═════ Entries shown

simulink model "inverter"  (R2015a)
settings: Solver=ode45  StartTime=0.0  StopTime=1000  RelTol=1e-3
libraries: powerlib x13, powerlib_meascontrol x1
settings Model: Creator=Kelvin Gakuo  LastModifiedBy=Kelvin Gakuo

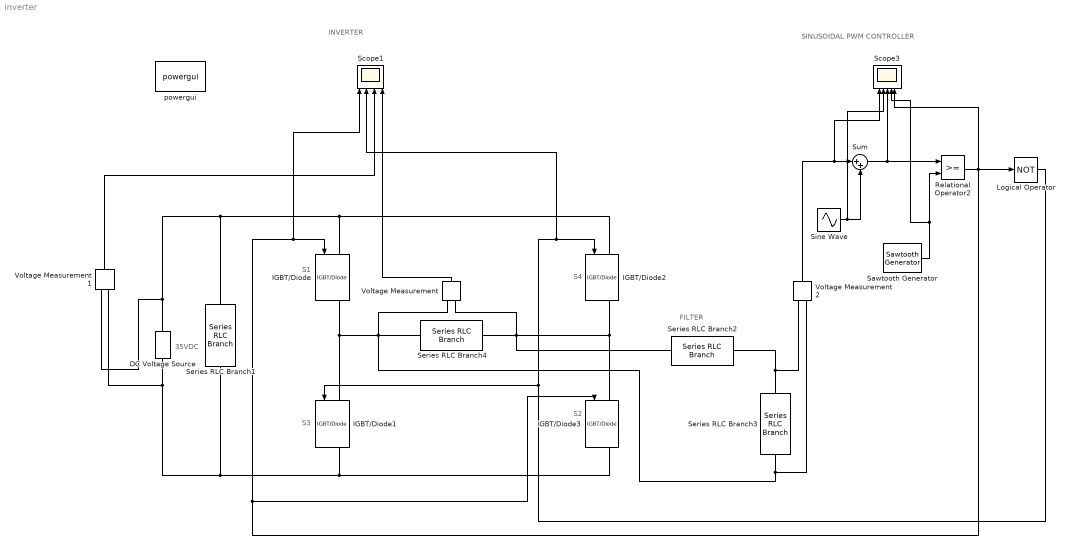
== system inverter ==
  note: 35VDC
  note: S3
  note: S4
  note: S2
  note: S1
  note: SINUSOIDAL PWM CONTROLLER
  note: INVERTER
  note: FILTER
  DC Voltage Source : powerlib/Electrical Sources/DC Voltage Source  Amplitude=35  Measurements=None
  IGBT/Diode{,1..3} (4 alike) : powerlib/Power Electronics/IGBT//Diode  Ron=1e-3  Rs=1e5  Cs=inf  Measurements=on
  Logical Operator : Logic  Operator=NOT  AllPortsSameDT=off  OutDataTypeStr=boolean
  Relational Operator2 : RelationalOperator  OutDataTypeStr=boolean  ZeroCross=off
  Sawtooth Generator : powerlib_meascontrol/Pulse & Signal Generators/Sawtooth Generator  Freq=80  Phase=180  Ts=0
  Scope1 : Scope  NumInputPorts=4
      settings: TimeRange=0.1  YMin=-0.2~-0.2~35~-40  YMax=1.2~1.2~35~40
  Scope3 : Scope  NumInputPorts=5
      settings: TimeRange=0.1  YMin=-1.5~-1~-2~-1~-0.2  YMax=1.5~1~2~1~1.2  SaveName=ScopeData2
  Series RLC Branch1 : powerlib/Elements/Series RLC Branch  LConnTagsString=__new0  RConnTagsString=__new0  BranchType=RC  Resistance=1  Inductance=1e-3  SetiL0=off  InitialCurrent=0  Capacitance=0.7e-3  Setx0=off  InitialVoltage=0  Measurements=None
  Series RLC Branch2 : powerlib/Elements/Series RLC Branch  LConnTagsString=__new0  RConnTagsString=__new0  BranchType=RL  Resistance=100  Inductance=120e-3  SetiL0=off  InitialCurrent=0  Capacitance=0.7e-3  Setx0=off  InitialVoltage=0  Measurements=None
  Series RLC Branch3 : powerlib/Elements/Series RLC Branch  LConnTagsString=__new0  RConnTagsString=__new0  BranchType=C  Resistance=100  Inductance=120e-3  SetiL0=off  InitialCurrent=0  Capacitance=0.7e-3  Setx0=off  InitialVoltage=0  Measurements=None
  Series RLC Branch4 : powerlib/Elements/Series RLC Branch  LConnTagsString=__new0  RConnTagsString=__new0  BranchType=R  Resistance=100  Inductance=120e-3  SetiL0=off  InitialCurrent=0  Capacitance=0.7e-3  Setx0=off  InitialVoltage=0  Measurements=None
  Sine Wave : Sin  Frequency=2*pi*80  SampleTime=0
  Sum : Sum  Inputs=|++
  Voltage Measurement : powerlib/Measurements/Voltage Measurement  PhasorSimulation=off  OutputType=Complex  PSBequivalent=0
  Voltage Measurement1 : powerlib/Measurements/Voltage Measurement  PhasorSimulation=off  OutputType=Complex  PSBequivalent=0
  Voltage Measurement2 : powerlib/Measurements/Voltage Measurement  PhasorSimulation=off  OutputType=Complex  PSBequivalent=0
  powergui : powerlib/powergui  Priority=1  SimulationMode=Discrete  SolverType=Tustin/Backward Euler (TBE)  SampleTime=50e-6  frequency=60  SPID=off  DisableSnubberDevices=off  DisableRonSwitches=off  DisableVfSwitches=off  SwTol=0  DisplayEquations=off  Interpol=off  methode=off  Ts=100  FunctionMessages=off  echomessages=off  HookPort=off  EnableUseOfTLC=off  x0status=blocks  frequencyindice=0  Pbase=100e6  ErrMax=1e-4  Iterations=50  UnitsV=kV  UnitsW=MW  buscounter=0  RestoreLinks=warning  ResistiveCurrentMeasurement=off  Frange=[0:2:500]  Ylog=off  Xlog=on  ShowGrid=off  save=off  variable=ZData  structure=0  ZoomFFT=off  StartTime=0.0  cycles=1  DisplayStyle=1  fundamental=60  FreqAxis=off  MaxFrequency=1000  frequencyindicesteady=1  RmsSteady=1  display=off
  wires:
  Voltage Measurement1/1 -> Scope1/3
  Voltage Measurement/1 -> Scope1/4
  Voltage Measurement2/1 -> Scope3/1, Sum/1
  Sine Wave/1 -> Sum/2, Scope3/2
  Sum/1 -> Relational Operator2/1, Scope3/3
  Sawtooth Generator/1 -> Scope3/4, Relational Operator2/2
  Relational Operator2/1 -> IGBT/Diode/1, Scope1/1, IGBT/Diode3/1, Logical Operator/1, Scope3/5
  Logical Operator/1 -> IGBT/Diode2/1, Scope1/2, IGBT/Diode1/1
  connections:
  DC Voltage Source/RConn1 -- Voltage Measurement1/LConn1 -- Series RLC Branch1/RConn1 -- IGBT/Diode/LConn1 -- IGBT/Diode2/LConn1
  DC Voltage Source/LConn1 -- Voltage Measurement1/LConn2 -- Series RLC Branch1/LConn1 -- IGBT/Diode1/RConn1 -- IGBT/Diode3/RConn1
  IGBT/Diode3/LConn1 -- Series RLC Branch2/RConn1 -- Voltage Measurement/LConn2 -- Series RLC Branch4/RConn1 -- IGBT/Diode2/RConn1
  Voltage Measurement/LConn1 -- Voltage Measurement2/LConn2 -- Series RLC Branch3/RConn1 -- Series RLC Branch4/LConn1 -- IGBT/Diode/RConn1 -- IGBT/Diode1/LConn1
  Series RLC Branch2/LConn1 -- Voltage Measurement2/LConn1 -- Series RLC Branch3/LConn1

══════════

What you should do> When you print the records above, keep them exact and leave out the pictures.

Answer area>
simulink model "inverter"  (R2015a)
settings: Solver=ode45  StartTime=0.0  StopTime=1000  RelTol=1e-3
libraries: powerlib x13, powerlib_meascontrol x1
settings Model: Creator=Kelvin Gakuo  LastModifiedBy=Kelvin Gakuo

== system inverter ==
  note: 35VDC
  note: S3
  note: S4
  note: S2
  note: S1
  note: SINUSOIDAL PWM CONTROLLER
  note: INVERTER
  note: FILTER
  DC Voltage Source : powerlib/Electrical Sources/DC Voltage Source  Amplitude=35  Measurements=None
  IGBT/Diode{,1..3} (4 alike) : powerlib/Power Electronics/IGBT//Diode  Ron=1e-3  Rs=1e5  Cs=inf  Measurements=on
  Logical Operator : Logic  Operator=NOT  AllPortsSameDT=off  OutDataTypeStr=boolean
  Relational Operator2 : RelationalOperator  OutDataTypeStr=boolean  ZeroCross=off
  Sawtooth Generator : powerlib_meascontrol/Pulse & Signal Generators/Sawtooth Generator  Freq=80  Phase=180  Ts=0
  Scope1 : Scope  NumInputPorts=4
      settings: TimeRange=0.1  YMin=-0.2~-0.2~35~-40  YMax=1.2~1.2~35~40
  Scope3 : Scope  NumInputPorts=5
      settings: TimeRange=0.1  YMin=-1.5~-1~-2~-1~-0.2  YMax=1.5~1~2~1~1.2  SaveName=ScopeData2
  Series RLC Branch1 : powerlib/Elements/Series RLC Branch  LConnTagsString=__new0  RConnTagsString=__new0  BranchType=RC  Resistance=1  Inductance=1e-3  SetiL0=off  InitialCurrent=0  Capacitance=0.7e-3  Setx0=off  InitialVoltage=0  Measurements=None
  Series RLC Branch2 : powerlib/Elements/Series RLC Branch  LConnTagsString=__new0  RConnTagsString=__new0  BranchType=RL  Resistance=100  Inductance=120e-3  SetiL0=off  InitialCurrent=0  Capacitance=0.7e-3  Setx0=off  InitialVoltage=0  Measurements=None
  Series RLC Branch3 : powerlib/Elements/Series RLC Branch  LConnTagsString=__new0  RConnTagsString=__new0  BranchType=C  Resistance=100  Inductance=120e-3  SetiL0=off  InitialCurrent=0  Capacitance=0.7e-3  Setx0=off  InitialVoltage=0  Measurements=None
  Series RLC Branch4 : powerlib/Elements/Series RLC Branch  LConnTagsString=__new0  RConnTagsString=__new0  BranchType=R  Resistance=100  Inductance=120e-3  SetiL0=off  InitialCurrent=0  Capacitance=0.7e-3  Setx0=off  InitialVoltage=0  Measurements=None
  Sine Wave : Sin  Frequency=2*pi*80  SampleTime=0
  Sum : Sum  Inputs=|++
  Voltage Measurement : powerlib/Measurements/Voltage Measurement  PhasorSimulation=off  OutputType=Complex  PSBequivalent=0
  Voltage Measurement1 : powerlib/Measurements/Voltage Measurement  PhasorSimulation=off  OutputType=Complex  PSBequivalent=0
  Voltage Measurement2 : powerlib/Measurements/Voltage Measurement  PhasorSimulation=off  OutputType=Complex  PSBequivalent=0
  powergui : powerlib/powergui  Priority=1  SimulationMode=Discrete  SolverType=Tustin/Backward Euler (TBE)  SampleTime=50e-6  frequency=60  SPID=off  DisableSnubberDevices=off  DisableRonSwitches=off  DisableVfSwitches=off  SwTol=0  DisplayEquations=off  Interpol=off  methode=off  Ts=100  FunctionMessages=off  echomessages=off  HookPort=off  EnableUseOfTLC=off  x0status=blocks  frequencyindice=0  Pbase=100e6  ErrMax=1e-4  Iterations=50  UnitsV=kV  UnitsW=MW  buscounter=0  RestoreLinks=warning  ResistiveCurrentMeasurement=off  Frange=[0:2:500]  Ylog=off  Xlog=on  ShowGrid=off  save=off  variable=ZData  structure=0  ZoomFFT=off  StartTime=0.0  cycles=1  DisplayStyle=1  fundamental=60  FreqAxis=off  MaxFrequency=1000  frequencyindicesteady=1  RmsSteady=1  display=off
  wires:
  Voltage Measurement1/1 -> Scope1/3
  Voltage Measurement/1 -> Scope1/4
  Voltage Measurement2/1 -> Scope3/1, Sum/1
  Sine Wave/1 -> Sum/2, Scope3/2
  Sum/1 -> Relational Operator2/1, Scope3/3
  Sawtooth Generator/1 -> Scope3/4, Relational Operator2/2
  Relational Operator2/1 -> IGBT/Diode/1, Scope1/1, IGBT/Diode3/1, Logical Operator/1, Scope3/5
  Logical Operator/1 -> IGBT/Diode2/1, Scope1/2, IGBT/Diode1/1
  connections:
  DC Voltage Source/RConn1 -- Voltage Measurement1/LConn1 -- Series RLC Branch1/RConn1 -- IGBT/Diode/LConn1 -- IGBT/Diode2/LConn1
  DC Voltage Source/LConn1 -- Voltage Measurement1/LConn2 -- Series RLC Branch1/LConn1 -- IGBT/Diode1/RConn1 -- IGBT/Diode3/RConn1
  IGBT/Diode3/LConn1 -- Series RLC Branch2/RConn1 -- Voltage Measurement/LConn2 -- Series RLC Branch4/RConn1 -- IGBT/Diode2/RConn1
  Voltage Measurement/LConn1 -- Voltage Measurement2/LConn2 -- Series RLC Branch3/RConn1 -- Series RLC Branch4/LConn1 -- IGBT/Diode/RConn1 -- IGBT/Diode1/LConn1
  Series RLC Branch2/LConn1 -- Voltage Measurement2/LConn1 -- Series RLC Branch3/LConn1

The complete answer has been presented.